Their departure was fueled by rising nationalist sentiment during the Arab-Israeli wars, harassment and some direct expulsions by then-President Gamal Abdel-Nasser, and attacks on Jewish properties, some of them blamed on the Brotherhood, which renounced violence in the 1970s.

Now only a handful of Jews, mostly elderly, remain in Egypt, along with a few heavily guarded synagogues, open only to Jews.

Mr. el-Erian, who is also deputy of the Brotherhood’s political party, made his comments on a late-night talk show on the private station Dream TV.

“I wish our Jews return to our country, so they can make room for the Palestinians to return, and Jews return to their homeland in light of the democracy” evolving in Egypt, he said. “I call on them now.

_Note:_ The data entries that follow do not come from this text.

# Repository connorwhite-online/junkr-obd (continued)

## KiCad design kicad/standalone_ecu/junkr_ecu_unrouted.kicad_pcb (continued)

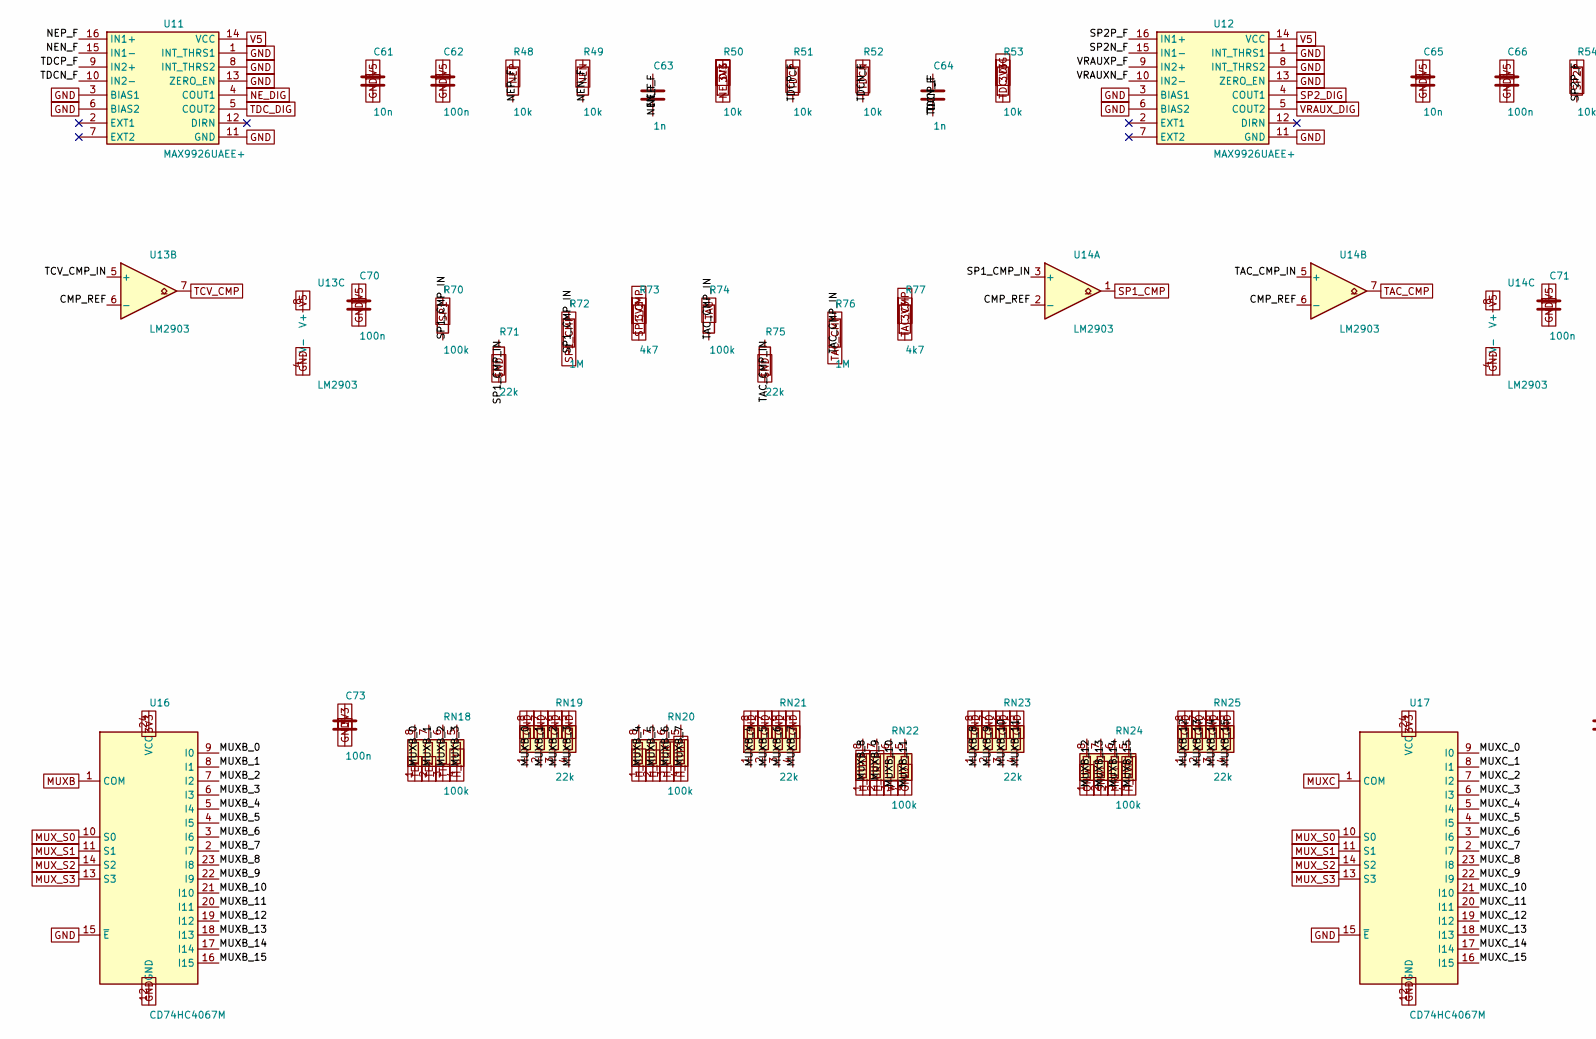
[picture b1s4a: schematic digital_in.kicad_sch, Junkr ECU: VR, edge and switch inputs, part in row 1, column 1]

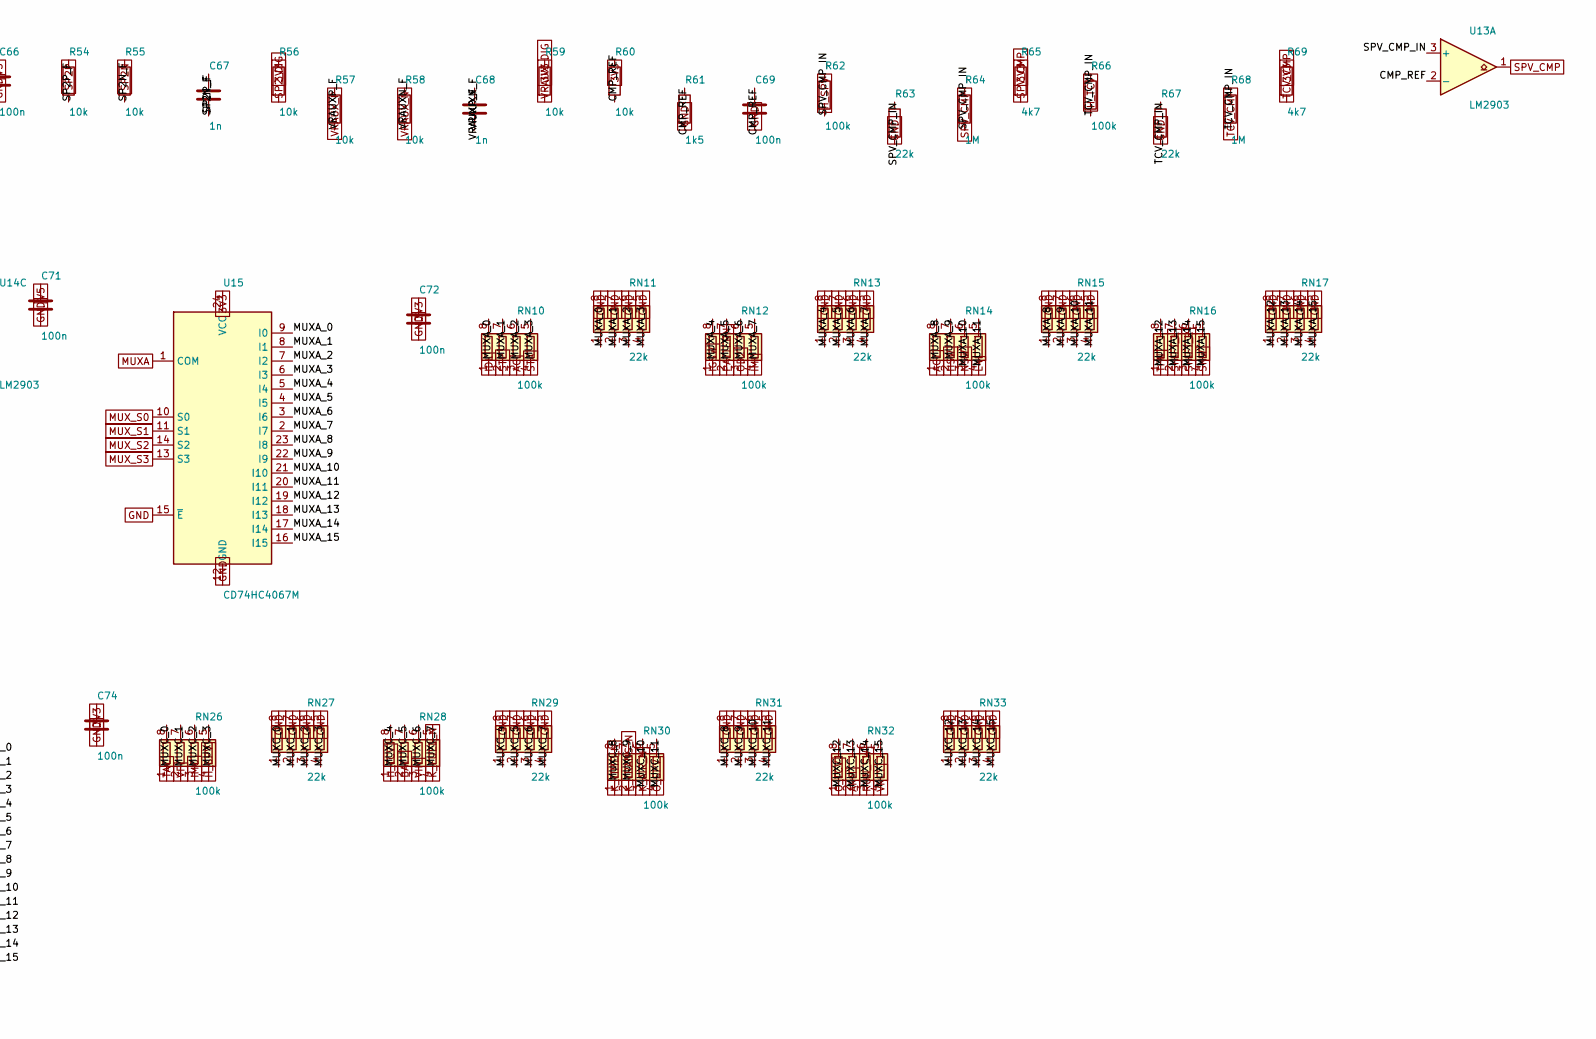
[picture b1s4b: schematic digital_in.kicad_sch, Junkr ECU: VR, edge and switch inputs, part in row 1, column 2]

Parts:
C61, C65: 10n; C_0603_1608Metric
C62, C66, C69, C70, C71, C72, C73, C74: 100n; C_0603_1608Metric
C63, C64, C67, C68: 1n; C_0603_1608Metric
R48, R49, R50, R51, R52, R53, R54, R55, R56, R57, R58, R59, R60: 10k; R_0603_1608Metric
R61: 1k5; R_0603_1608Metric
R62, R66, R70, R74: 100k; R_0603_1608Metric
R63, R67, R71, R75: 22k; R_0603_1608Metric
R64, R68, R72, R76: 1M; R_0603_1608Metric
R65, R69, R73, R77: 4k7; R_0603_1608Metric
RN10, RN12, RN14, RN16, RN18, RN20, RN22, RN24, RN26, RN28, RN30, RN32: 100k; R_Array_Convex_4x0603
RN11, RN13, RN15, RN17, RN19, RN21, RN23, RN25, RN27, RN29, RN31, RN33: 22k; R_Array_Convex_4x0603
U11, U12: MAX9926UAEE+; QSOP-16_3.9x4.9mm_P0.635mm; MPN MAX9926UAEE+
U13, U14: LM2903; SOIC-8_3.9x4.9mm_P1.27mm; MPN LM2903DR
U15, U16, U17: CD74HC4067M; SOIC-24W_7.5x15.4mm_P1.27mm; MPN CD74HC4067M96

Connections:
3V3: C72.1, C73.1, C74.1, R50.1, R53.1, R56.1, R59.1, R60.1, R65.1, R69.1, R73.1, R77.1, U15.24 (VCC), U16.24 (VCC), U17.24 (VCC); also elsewhere on the board
AC: RN10.3 (R3.1); also elsewhere on the board
ACT: RN14.1 (R1.1); also elsewhere on the board
ARM: RN32.2 (R2.1); also elsewhere on the board
BATT: RN28.2 (R2.1); also elsewhere on the board
CMP_REF: C69.1, R60.2, R61.1, U13.2 (-), U13.6 (-), U14.2 (-), U14.6 (-)
GIND: RN22.4 (R4.1); also elsewhere on the board
GND: C61.2, C62.2, C65.2, C66.2, C69.2, C70.2, C71.2, C72.2, C73.2, C74.2, R61.2, R63.2, R67.2, R71.2, R75.2, RN11.5 (R4.2), RN11.6 (R3.2), RN11.7 (R2.2), RN11.8 (R1.2), RN13.5 (R4.2), RN13.6 (R3.2), RN13.7 (R2.2), RN13.8 (R1.2), RN15.5 (R4.2), RN15.6 (R3.2), RN15.7 (R2.2), RN15.8 (R1.2), RN17.5 (R4.2), RN17.6 (R3.2), RN17.7 (R2.2), RN17.8 (R1.2), RN19.5 (R4.2), RN19.6 (R3.2), RN19.7 (R2.2), RN19.8 (R1.2), RN21.5 (R4.2), RN21.6 (R3.2), RN21.7 (R2.2), RN21.8 (R1.2), RN23.5 (R4.2), RN23.6 (R3.2), RN23.7 (R2.2), RN23.8 (R1.2), RN25.5 (R4.2), RN25.6 (R3.2), RN25.7 (R2.2), RN25.8 (R1.2), RN27.5 (R4.2), RN27.6 (R3.2), RN27.7 (R2.2), RN27.8 (R1.2), RN29.5 (R4.2), RN29.6 (R3.2), RN29.7 (R2.2), RN29.8 (R1.2), RN31.5 (R4.2), RN31.6 (R3.2), RN31.7 (R2.2), RN31.8 (R1.2), RN33.5 (R4.2), RN33.6 (R3.2), RN33.7 (R2.2), RN33.8 (R1.2), U11.1 (INT_THRS1), U11.3 (BIAS1), U11.6 (BIAS2), U11.8 (INT_THRS2), U11.11 (GND), U11.13 (ZERO_EN), U12.1 (INT_THRS1), U12.3 (BIAS1), U12.6 (BIAS2), U12.8 (INT_THRS2), U12.11 (GND), U12.13 (ZERO_EN), U13.4 (V-), U14.4 (V-), U15.12 (GND), U15.15 (~E), U16.12 (GND), U16.15 (~E), U17.12 (GND), U17.15 (~E); also elsewhere on the board
HSW: RN14.2 (R2.1); also elsewhere on the board
H_EGR: RN20.3 (R3.1); also elsewhere on the board
H_S1: RN18.4 (R4.1); also elsewhere on the board
H_S2: RN20.1 (R1.1); also elsewhere on the board
H_SL: RN20.2 (R2.1); also elsewhere on the board
H_SPV: R62.1, RN26.4 (R4.1); also elsewhere on the board
H_SREL: RN22.2 (R2.1); also elsewhere on the board
H_STH1: RN20.4 (R4.1); also elsewhere on the board
H_STH2: RN22.1 (R1.1); also elsewhere on the board
H_SVR: RN24.4 (R4.1); also elsewhere on the board
H_TCV: R66.1, RN28.1 (R1.1); also elsewhere on the board
IDL: RN10.1 (R1.1); also elsewhere on the board
IGSW: RN12.1 (R1.1); also elsewhere on the board
IMI: RN12.4 (R4.1); also elsewhere on the board
IMO: RN26.3 (R3.1); also elsewhere on the board
K_AIR_N: RN30.3 (R3.1); also elsewhere on the board
K_FUEL_N: RN28.4 (R4.1); also elsewhere on the board
K_TIME_N: RN30.1 (R1.1); also elsewhere on the board
K_TRANS_N: RN30.2 (R2.1); also elsewhere on the board
L4: RN14.4 (R4.1); also elsewhere on the board
MREL: RN24.3 (R3.1); also elsewhere on the board
MUXA: U15.1 (COM); also elsewhere on the board
MUXA_0: RN10.8 (R1.2), RN11.1 (R1.1), U15.9 (I0)
MUXA_1: RN10.7 (R2.2), RN11.2 (R2.1), U15.8 (I1)
MUXA_2: RN10.6 (R3.2), RN11.3 (R3.1), U15.7 (I2)
MUXA_3: RN10.5 (R4.2), RN11.4 (R4.1), U15.6 (I3)
MUXA_4: RN12.8 (R1.2), RN13.1 (R1.1), U15.5 (I4)
MUXA_5: RN12.7 (R2.2), RN13.2 (R2.1), U15.4 (I5)
MUXA_6: RN12.6 (R3.2), RN13.3 (R3.1), U15.3 (I6)
MUXA_7: RN12.5 (R4.2), RN13.4 (R4.1), U15.2 (I7)
MUXA_8: RN14.8 (R1.2), RN15.1 (R1.1), U15.23 (I8)
MUXA_9: RN14.7 (R2.2), RN15.2 (R2.1), U15.22 (I9)
MUXA_10: RN14.6 (R3.2), RN15.3 (R3.1), U15.21 (I10)
MUXA_11: RN14.5 (R4.2), RN15.4 (R4.1), U15.20 (I11)
MUXA_12: RN16.8 (R1.2), RN17.1 (R1.1), U15.19 (I12)
MUXA_13: RN16.7 (R2.2), RN17.2 (R2.1), U15.18 (I13)
MUXA_14: RN16.6 (R3.2), RN17.3 (R3.1), U15.17 (I14)
MUXA_15: RN16.5 (R4.2), RN17.4 (R4.1), U15.16 (I15)
MUXB: U16.1 (COM); also elsewhere on the board
MUXB_0: RN18.8 (R1.2), RN19.1 (R1.1), U16.9 (I0)
MUXB_1: RN18.7 (R2.2), RN19.2 (R2.1), U16.8 (I1)
MUXB_2: RN18.6 (R3.2), RN19.3 (R3.1), U16.7 (I2)
MUXB_3: RN18.5 (R4.2), RN19.4 (R4.1), U16.6 (I3)
MUXB_4: RN20.8 (R1.2), RN21.1 (R1.1), U16.5 (I4)
MUXB_5: RN20.7 (R2.2), RN21.2 (R2.1), U16.4 (I5)
MUXB_6: RN20.6 (R3.2), RN21.3 (R3.1), U16.3 (I6)
MUXB_7: RN20.5 (R4.2), RN21.4 (R4.1), U16.2 (I7)
MUXB_8: RN22.8 (R1.2), RN23.1 (R1.1), U16.23 (I8)
MUXB_9: RN22.7 (R2.2), RN23.2 (R2.1), U16.22 (I9)
MUXB_10: RN22.6 (R3.2), RN23.3 (R3.1), U16.21 (I10)
MUXB_11: RN22.5 (R4.2), RN23.4 (R4.1), U16.20 (I11)
MUXB_12: RN24.8 (R1.2), RN25.1 (R1.1), U16.19 (I12)
MUXB_13: RN24.7 (R2.2), RN25.2 (R2.1), U16.18 (I13)
MUXB_14: RN24.6 (R3.2), RN25.3 (R3.1), U16.17 (I14)
MUXB_15: RN24.5 (R4.2), RN25.4 (R4.1), U16.16 (I15)
MUXC: U17.1 (COM); also elsewhere on the board
MUXC_0: RN26.8 (R1.2), RN27.1 (R1.1), U17.9 (I0)
MUXC_1: RN26.7 (R2.2), RN27.2 (R2.1), U17.8 (I1)
MUXC_2: RN26.6 (R3.2), RN27.3 (R3.1), U17.7 (I2)
MUXC_3: RN26.5 (R4.2), RN27.4 (R4.1), U17.6 (I3)
MUXC_4: RN28.8 (R1.2), RN29.1 (R1.1), U17.5 (I4)
MUXC_5: RN28.7 (R2.2), RN29.2 (R2.1), U17.4 (I5)
MUXC_6: RN28.6 (R3.2), RN29.3 (R3.1), U17.3 (I6)
MUXC_7: RN28.5 (R4.2), RN29.4 (R4.1), U17.2 (I7)
MUXC_8: RN30.8 (R1.2), RN31.1 (R1.1), U17.23 (I8)
MUXC_9: RN30.7 (R2.2), RN31.2 (R2.1), U17.22 (I9)
MUXC_10: RN30.6 (R3.2), RN31.3 (R3.1), U17.21 (I10)
MUXC_11: RN30.5 (R4.2), RN31.4 (R4.1), U17.20 (I11)
MUXC_12: RN32.8 (R1.2), RN33.1 (R1.1), U17.19 (I12)
MUXC_13: RN32.7 (R2.2), RN33.2 (R2.1), U17.18 (I13)
MUXC_14: RN32.6 (R3.2), RN33.3 (R3.1), U17.17 (I14)
MUXC_15: RN32.5 (R4.2), RN33.4 (R4.1), U17.16 (I15)
MUX_S0: U15.10 (S0), U16.10 (S0), U17.10 (S0); also elsewhere on the board
MUX_S1: U15.11 (S1), U16.11 (S1), U17.11 (S1); also elsewhere on the board
MUX_S2: U15.14 (S2), U16.14 (S2), U17.14 (S2); also elsewhere on the board
MUX_S3: U15.13 (S3), U16.13 (S3), U17.13 (S3); also elsewhere on the board
NEN: R49.1; also elsewhere on the board
NEN_F: C63.2, R49.2, U11.15 (IN1-)
NEP: R48.1; also elsewhere on the board
NEP_F: C63.1, R48.2, U11.16 (IN1+)
NE_DIG: R50.2, U11.4 (COUT1); also elsewhere on the board
NSW: RN14.3 (R3.1); also elsewhere on the board
OD2: RN12.3 (R3.1); also elsewhere on the board
OILW: RN24.1 (R1.1); also elsewhere on the board
O_SPV: RN30.4 (R4.1); also elsewhere on the board
O_TCV: RN32.1 (R1.1); also elsewhere on the board
PATTERN: RN12.2 (R2.1); also elsewhere on the board
RUN_SW: RN32.3 (R3.1); also elsewhere on the board
SHIFT_2: RN16.3 (R3.1); also elsewhere on the board
SHIFT_L: RN16.2 (R2.1); also elsewhere on the board
SNW: RN16.4 (R4.1); also elsewhere on the board
SNWL: RN24.2 (R2.1); also elsewhere on the board
SP1: R70.1; also elsewhere on the board
SP1_CMP: R72.1, R73.2, U14.1; also elsewhere on the board
SP1_CMP_IN: R70.2, R71.1, R72.2, U14.3 (+)
SP2N: R55.1; also elsewhere on the board
SP2N_F: C67.2, R55.2, U12.15 (IN1-)
SP2P: R54.1; also elsewhere on the board
SP2P_F: C67.1, R54.2, U12.16 (IN1+)
SP2_DIG: R56.2, U12.4 (COUT1); also elsewhere on the board
SPV_CMP: R64.1, R65.2, U13.1; also elsewhere on the board
SPV_CMP_IN: R62.2, R63.1, R64.2, U13.3 (+)
STA: RN10.4 (R4.1); also elsewhere on the board
STP: RN10.2 (R2.1); also elsewhere on the board
TAC: R74.1, RN26.1 (R1.1); also elsewhere on the board
TAC_CMP: R76.1, R77.2, U14.7; also elsewhere on the board
TAC_CMP_IN: R74.2, R75.1, R76.2, U14.5 (+)
TCV_CMP: R68.1, R69.2, U13.7; also elsewhere on the board
TCV_CMP_IN: R66.2, R67.1, R68.2, U13.5 (+)
TDCN: R52.1; also elsewhere on the board
TDCN_F: C64.2, R52.2, U11.10 (IN2-)
TDCP: R51.1; also elsewhere on the board
TDCP_F: C64.1, R51.2, U11.9 (IN2+)
TDC_DIG: R53.2, U11.5 (COUT2); also elsewhere on the board
TE1: RN18.1 (R1.1); also elsewhere on the board
TE2: RN18.2 (R2.1); also elsewhere on the board
TFN: RN16.1 (R1.1); also elsewhere on the board
TT: RN18.3 (R3.1); also elsewhere on the board
V5: C61.1, C62.1, C65.1, C66.1, C70.1, C71.1, U11.14 (VCC), U12.14 (VCC), U13.8 (V+), U14.8 (V+); also elsewhere on the board
VF: RN26.2 (R2.1); also elsewhere on the board
VIN: RN28.3 (R3.1); also elsewhere on the board
VRAUXN_F: C68.2, R58.2, U12.10 (IN2-)
VRAUXP_F: C68.1, R57.2, U12.9 (IN2+)
VRAUX_DIG: R59.2, U12.5 (COUT2); also elsewhere on the board
VRAUX_N: R58.1; also elsewhere on the board
VRAUX_P: R57.1; also elsewhere on the board
VRLY: RN32.4 (R4.1); also elsewhere on the board
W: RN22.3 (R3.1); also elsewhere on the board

Egypt is more deserving of you.”

“Why stay in a racist entity, an occupation, and be tainted with war crimes that will be punished, all occupation leaders will be punished,” he said, adding that the Zionist “project” will end.

Questions abound

The comments didn’t make much of an impact in Israel, and there was no official comment about them and little discussion of them in the press.

In contrast, they raised widespread ridicule and debate in Egypt on TV shows, newspapers and social websites.

Belal Fadl, a popular Egyptian columnist and satirical writer, said the comments were hypocritical, given other Brotherhood officials’ statements accusing Egypt’s Christians of threatening Mr. Morsi’s legitimacy as president, fueling anger against the minority community.

“How can we believe the tolerance of el-Erian amid all the sectarian statements by leaders of the groups and other sheiks that all seek to chase away Egypt’s Christians in the footsteps of the Jews,” Mr. Fadl wrote in the daily newspaper al-Shorouk.

Youssef el-Husseini, a prominent TV commentator known for his liberal views and harsh criticism of Mr. Morsi and the Brotherhood, said Mr. el-Erian was showing a fake tolerance for Jews to impress Israel and the United States — setting aside the anti-Israel parts of his statement.

Mr. el-Husseini said that, if a liberal had made the comments, he would be branded a traitor and would be accused of inviting Zionists back to Egypt.

“Is el-Erian flirting with the Zionist state to say we are fine and you are friends,” Mr. el-Husseini said on a Sunday-morning talk show. “Or is he flirting with Obama [because of U.S. aid to Egypt]? Is the group taking their political garb bit by bit?”